LISTED ENTRIES Block Start
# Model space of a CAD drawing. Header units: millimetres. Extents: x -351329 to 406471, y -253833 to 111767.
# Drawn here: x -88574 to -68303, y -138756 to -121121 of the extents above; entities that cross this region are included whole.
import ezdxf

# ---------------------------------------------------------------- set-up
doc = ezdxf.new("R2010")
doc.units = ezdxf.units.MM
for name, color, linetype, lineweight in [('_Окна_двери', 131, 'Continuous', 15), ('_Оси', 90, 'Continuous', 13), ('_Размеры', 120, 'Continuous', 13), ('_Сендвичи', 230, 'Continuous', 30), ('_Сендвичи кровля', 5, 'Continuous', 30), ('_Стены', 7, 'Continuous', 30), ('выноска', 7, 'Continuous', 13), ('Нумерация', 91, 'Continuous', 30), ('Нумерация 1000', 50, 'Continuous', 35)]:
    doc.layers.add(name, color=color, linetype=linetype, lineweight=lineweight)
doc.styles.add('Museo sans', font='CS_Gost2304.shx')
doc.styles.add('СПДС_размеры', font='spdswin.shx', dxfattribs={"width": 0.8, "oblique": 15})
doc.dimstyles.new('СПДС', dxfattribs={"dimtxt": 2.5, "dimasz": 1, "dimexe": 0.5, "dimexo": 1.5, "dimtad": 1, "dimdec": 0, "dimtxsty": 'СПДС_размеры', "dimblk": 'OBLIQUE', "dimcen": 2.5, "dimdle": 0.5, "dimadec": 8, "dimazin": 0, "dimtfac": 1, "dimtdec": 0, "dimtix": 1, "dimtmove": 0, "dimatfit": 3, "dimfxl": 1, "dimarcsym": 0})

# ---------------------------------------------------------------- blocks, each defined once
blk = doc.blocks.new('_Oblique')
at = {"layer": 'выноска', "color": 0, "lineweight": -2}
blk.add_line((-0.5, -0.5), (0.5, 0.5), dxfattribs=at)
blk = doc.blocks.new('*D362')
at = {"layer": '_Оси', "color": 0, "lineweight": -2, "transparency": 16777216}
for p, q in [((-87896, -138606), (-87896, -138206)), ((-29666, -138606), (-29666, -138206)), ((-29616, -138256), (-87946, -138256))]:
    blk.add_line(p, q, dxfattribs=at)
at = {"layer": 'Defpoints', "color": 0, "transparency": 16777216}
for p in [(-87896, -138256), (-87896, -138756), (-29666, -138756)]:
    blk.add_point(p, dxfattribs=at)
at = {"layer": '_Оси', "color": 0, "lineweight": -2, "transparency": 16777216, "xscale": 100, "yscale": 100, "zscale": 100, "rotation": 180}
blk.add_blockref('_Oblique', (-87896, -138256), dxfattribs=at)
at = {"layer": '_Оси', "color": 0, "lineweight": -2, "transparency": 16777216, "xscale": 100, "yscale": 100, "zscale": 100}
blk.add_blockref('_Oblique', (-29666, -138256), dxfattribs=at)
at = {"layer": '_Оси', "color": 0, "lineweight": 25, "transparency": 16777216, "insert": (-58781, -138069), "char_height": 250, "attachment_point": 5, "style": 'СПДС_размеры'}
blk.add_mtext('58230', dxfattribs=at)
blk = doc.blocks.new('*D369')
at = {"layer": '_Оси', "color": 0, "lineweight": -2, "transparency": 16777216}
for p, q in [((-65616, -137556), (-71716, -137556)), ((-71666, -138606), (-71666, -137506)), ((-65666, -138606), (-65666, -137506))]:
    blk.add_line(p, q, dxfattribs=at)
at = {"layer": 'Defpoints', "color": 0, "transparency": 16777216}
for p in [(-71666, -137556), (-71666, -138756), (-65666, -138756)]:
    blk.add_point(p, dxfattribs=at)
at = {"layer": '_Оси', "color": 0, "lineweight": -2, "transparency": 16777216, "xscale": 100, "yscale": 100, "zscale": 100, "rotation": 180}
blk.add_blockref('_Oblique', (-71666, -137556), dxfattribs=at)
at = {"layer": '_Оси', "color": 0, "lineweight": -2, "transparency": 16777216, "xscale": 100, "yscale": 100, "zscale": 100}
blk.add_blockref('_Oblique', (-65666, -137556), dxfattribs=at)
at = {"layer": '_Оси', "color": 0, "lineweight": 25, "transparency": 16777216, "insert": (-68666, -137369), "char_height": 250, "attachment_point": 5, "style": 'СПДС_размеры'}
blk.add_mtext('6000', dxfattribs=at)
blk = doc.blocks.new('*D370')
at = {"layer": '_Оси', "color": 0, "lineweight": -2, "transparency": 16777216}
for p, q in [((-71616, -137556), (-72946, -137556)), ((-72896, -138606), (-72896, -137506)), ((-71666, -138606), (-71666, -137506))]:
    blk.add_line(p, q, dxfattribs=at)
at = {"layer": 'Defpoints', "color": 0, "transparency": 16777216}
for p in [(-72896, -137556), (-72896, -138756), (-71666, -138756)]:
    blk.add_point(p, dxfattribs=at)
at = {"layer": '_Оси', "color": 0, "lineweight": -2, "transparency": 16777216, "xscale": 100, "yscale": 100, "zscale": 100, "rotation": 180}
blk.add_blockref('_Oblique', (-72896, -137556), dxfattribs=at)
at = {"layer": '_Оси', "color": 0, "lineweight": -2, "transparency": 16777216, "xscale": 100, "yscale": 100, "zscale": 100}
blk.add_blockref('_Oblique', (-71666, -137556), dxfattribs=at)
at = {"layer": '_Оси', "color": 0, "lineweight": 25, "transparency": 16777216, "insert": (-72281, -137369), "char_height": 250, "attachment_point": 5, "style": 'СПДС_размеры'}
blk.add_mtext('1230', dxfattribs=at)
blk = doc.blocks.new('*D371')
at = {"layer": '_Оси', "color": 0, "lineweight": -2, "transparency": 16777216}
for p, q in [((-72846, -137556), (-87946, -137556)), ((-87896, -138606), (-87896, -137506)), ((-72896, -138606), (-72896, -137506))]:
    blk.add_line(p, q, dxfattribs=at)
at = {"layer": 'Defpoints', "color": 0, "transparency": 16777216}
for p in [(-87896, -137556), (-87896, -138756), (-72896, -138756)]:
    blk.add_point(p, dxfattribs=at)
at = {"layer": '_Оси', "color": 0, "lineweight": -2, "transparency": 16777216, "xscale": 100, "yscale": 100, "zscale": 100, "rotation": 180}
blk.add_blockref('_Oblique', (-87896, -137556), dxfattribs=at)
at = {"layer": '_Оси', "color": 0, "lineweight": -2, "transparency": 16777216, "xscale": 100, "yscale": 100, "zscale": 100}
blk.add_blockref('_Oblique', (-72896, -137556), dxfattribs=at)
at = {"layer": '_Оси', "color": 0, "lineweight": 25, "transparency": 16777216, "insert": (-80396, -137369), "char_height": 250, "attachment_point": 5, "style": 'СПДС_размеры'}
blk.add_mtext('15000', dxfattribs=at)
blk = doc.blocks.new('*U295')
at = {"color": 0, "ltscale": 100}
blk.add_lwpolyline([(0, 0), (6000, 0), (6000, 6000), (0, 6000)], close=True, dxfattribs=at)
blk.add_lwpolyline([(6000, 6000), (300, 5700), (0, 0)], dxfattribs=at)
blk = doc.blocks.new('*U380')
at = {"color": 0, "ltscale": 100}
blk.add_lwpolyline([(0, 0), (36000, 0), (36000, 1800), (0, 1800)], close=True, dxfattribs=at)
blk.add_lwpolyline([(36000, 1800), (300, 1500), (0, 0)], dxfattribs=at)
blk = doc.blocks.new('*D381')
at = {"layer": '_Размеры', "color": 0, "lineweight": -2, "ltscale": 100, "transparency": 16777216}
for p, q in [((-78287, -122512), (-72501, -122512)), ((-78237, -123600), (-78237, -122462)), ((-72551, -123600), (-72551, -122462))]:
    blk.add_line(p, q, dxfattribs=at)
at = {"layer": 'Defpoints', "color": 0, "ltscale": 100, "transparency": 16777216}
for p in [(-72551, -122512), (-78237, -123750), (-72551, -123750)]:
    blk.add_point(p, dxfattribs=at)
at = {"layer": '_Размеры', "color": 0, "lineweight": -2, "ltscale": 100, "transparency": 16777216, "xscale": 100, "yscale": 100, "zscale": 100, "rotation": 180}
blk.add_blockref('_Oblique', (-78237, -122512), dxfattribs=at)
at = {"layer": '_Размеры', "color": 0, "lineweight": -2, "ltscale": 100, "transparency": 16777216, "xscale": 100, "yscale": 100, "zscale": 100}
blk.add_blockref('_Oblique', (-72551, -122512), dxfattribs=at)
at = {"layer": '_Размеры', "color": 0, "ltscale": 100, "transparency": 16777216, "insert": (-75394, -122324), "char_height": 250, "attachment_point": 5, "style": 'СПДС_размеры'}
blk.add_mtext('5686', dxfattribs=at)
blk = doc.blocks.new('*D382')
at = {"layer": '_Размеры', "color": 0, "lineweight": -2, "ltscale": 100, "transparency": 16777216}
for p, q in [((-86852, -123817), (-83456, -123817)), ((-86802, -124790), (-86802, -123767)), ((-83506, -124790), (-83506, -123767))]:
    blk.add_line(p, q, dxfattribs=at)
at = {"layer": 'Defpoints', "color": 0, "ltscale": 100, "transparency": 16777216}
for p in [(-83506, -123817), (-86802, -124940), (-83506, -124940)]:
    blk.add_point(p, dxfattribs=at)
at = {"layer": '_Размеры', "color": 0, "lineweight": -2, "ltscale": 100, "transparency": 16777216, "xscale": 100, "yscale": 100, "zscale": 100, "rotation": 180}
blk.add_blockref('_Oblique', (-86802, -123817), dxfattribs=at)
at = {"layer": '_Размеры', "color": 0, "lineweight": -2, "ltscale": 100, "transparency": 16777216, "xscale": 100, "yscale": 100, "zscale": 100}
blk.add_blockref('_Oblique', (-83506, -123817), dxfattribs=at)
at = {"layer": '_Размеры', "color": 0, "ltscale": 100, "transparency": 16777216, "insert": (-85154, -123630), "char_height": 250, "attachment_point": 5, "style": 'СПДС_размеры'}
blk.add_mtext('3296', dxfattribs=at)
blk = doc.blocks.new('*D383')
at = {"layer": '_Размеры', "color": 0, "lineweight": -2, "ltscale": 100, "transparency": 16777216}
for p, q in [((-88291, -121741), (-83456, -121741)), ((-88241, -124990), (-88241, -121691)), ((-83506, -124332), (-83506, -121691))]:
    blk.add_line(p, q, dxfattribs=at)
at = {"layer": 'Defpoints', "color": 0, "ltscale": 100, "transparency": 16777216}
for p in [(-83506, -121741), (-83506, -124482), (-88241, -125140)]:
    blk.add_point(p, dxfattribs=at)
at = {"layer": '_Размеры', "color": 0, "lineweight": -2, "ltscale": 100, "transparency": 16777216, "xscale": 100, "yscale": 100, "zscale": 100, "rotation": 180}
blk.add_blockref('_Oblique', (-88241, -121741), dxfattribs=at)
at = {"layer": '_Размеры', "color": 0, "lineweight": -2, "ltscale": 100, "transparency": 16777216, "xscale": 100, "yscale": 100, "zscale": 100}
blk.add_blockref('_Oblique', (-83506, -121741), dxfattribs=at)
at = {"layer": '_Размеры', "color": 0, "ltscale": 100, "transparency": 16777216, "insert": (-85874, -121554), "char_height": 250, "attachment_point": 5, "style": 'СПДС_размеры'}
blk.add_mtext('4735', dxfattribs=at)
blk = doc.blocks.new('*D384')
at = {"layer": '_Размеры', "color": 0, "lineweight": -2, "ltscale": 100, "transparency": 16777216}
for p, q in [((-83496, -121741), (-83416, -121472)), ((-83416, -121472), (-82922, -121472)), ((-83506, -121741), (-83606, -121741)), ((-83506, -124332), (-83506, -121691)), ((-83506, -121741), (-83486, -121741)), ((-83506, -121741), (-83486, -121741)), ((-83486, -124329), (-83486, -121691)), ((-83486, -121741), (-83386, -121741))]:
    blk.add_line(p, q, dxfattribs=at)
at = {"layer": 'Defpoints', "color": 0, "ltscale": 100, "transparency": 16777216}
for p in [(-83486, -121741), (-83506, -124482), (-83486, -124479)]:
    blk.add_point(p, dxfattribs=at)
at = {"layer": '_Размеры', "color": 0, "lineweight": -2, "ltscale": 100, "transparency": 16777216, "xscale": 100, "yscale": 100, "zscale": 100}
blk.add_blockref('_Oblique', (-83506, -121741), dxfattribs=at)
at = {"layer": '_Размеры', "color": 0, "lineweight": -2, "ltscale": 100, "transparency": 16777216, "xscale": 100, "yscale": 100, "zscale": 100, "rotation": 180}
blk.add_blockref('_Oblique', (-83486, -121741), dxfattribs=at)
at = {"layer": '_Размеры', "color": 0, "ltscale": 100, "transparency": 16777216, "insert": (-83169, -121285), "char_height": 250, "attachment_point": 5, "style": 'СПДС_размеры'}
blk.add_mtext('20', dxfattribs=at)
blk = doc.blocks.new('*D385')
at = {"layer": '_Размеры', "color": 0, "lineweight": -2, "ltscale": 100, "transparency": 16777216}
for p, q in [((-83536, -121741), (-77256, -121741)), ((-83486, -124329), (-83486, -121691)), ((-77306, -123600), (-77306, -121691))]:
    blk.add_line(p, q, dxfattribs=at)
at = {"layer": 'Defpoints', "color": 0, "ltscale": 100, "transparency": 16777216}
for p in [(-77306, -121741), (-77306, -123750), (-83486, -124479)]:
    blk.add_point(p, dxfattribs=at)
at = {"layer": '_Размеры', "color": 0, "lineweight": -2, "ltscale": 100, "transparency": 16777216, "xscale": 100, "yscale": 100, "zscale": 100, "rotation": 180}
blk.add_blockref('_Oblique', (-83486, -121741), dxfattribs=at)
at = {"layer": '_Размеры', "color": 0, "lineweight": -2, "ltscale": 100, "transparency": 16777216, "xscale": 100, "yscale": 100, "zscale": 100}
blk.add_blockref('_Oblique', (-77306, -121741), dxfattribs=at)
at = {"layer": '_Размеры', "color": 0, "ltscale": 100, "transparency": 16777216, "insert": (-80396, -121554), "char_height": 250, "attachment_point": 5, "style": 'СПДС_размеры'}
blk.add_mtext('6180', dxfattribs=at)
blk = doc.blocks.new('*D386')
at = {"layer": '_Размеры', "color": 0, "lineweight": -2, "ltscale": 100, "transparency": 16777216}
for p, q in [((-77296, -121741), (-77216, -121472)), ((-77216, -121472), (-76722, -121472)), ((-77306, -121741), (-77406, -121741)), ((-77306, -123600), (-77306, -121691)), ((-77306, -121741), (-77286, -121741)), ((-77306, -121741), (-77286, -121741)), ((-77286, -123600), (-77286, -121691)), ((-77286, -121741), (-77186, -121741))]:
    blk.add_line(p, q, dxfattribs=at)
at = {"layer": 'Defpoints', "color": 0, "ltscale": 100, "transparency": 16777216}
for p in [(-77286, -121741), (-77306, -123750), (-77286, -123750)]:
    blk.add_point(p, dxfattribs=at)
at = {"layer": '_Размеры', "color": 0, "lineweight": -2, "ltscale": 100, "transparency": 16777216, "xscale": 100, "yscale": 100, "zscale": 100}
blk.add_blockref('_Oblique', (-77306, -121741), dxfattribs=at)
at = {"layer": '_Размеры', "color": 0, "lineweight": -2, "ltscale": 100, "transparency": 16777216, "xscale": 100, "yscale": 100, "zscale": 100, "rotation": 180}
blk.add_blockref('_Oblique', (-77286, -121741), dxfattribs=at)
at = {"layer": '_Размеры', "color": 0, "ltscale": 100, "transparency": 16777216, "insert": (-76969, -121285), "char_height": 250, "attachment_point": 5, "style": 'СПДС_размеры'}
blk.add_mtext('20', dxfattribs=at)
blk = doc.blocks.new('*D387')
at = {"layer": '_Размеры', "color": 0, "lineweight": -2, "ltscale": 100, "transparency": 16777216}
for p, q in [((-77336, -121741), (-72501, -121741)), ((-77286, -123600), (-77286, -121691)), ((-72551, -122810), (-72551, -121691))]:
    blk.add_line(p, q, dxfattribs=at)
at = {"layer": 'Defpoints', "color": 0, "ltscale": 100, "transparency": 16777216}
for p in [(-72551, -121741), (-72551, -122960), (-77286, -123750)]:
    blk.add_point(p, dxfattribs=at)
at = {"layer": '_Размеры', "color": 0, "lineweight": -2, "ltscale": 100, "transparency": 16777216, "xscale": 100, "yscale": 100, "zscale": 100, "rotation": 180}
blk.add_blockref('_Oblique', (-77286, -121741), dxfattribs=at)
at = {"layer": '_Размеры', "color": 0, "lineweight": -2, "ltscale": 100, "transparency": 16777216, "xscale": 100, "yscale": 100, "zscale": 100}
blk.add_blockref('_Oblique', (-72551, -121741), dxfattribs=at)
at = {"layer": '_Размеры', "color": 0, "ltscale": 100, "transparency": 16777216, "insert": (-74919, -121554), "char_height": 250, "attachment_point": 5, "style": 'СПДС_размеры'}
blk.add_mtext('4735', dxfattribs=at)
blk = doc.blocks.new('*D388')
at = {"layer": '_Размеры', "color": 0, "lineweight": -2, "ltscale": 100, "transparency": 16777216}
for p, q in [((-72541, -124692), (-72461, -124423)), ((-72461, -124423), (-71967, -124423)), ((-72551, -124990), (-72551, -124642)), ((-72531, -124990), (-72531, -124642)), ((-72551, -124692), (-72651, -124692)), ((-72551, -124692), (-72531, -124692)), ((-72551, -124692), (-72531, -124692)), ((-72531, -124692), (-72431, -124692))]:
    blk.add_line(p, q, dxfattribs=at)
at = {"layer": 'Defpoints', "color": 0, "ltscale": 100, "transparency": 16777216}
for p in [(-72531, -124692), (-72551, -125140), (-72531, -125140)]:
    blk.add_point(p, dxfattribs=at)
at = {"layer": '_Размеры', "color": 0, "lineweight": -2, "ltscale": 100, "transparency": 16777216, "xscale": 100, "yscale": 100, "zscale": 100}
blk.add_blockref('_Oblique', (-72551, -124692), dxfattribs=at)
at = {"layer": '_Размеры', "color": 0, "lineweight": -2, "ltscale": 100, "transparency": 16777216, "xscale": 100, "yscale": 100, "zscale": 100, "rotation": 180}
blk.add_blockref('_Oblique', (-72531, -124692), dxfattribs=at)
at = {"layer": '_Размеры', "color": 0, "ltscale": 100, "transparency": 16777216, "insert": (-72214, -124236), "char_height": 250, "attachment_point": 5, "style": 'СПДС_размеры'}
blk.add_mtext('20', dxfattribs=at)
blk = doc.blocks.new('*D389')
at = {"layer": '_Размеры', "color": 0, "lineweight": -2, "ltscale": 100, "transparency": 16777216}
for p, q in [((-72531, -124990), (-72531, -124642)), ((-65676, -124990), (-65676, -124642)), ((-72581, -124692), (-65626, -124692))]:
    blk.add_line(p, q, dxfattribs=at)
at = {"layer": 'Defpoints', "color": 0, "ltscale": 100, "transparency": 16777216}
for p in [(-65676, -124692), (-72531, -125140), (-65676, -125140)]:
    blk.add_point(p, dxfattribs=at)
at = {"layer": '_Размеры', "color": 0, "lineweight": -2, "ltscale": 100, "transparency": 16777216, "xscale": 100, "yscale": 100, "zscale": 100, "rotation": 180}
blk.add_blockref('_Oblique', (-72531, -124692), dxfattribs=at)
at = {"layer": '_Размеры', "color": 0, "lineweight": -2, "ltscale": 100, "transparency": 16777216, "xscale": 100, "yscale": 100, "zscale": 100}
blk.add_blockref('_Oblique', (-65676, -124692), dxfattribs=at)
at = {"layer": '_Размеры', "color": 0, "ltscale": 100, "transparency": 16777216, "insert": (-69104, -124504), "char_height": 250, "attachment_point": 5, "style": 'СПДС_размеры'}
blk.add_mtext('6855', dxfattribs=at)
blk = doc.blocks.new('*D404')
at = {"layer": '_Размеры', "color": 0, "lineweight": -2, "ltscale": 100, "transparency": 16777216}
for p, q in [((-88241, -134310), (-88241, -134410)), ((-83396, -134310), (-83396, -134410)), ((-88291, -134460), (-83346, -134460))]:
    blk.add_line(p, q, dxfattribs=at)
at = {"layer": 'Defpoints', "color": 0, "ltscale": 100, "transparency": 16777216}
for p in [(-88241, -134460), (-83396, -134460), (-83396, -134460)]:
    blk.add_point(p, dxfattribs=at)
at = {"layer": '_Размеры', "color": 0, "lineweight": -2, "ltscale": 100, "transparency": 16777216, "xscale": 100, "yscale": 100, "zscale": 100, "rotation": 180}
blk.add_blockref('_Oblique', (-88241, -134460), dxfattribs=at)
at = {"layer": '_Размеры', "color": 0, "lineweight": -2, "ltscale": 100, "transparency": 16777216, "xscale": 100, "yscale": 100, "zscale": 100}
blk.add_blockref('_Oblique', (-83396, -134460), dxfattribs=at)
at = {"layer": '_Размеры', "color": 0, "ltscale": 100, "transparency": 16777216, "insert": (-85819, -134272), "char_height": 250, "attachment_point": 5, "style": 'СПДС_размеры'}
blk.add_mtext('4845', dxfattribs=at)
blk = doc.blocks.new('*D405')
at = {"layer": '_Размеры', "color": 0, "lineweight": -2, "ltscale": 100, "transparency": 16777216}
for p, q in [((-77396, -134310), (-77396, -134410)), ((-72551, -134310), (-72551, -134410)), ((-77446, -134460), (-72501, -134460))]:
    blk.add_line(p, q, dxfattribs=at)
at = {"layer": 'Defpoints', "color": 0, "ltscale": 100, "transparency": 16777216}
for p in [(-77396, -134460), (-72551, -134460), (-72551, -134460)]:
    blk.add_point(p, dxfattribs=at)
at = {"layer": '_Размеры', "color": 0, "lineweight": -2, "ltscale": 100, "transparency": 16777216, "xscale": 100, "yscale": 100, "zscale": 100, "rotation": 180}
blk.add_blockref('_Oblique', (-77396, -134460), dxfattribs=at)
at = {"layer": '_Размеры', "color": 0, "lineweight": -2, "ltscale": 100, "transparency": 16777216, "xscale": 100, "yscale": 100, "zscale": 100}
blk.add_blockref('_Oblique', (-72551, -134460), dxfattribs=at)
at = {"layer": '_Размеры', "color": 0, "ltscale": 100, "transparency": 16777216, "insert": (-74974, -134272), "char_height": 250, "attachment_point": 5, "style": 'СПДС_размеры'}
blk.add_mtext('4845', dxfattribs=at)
LISTED ENTRIES Block End
» **ACTIVITY**: Write out word for word only the lines from the start of the entries down to the line with "for name, color, linetype, lineweight", please, including both ends.

» **EXERCISE OUTPUT**:
# Model space of a CAD drawing. Header units: millimetres. Extents: x -351329 to 406471, y -253833 to 111767.
# Drawn here: x -88574 to -68303, y -138756 to -121121 of the extents above; entities that cross this region are included whole.
import ezdxf

# ---------------------------------------------------------------- set-up
doc = ezdxf.new("R2010")
doc.units = ezdxf.units.MM
for name, color, linetype, lineweight in [('_Окна_двери', 131, 'Continuous', 15), ('_Оси', 90, 'Continuous', 13), ('_Размеры', 120, 'Continuous', 13), ('_Сендвичи', 230, 'Continuous', 30), ('_Сендвичи кровля', 5, 'Continuous', 30), ('_Стены', 7, 'Continuous', 30), ('выноска', 7, 'Continuous', 13), ('Нумерация', 91, 'Continuous', 30), ('Нумерация 1000', 50, 'Continuous', 35)]:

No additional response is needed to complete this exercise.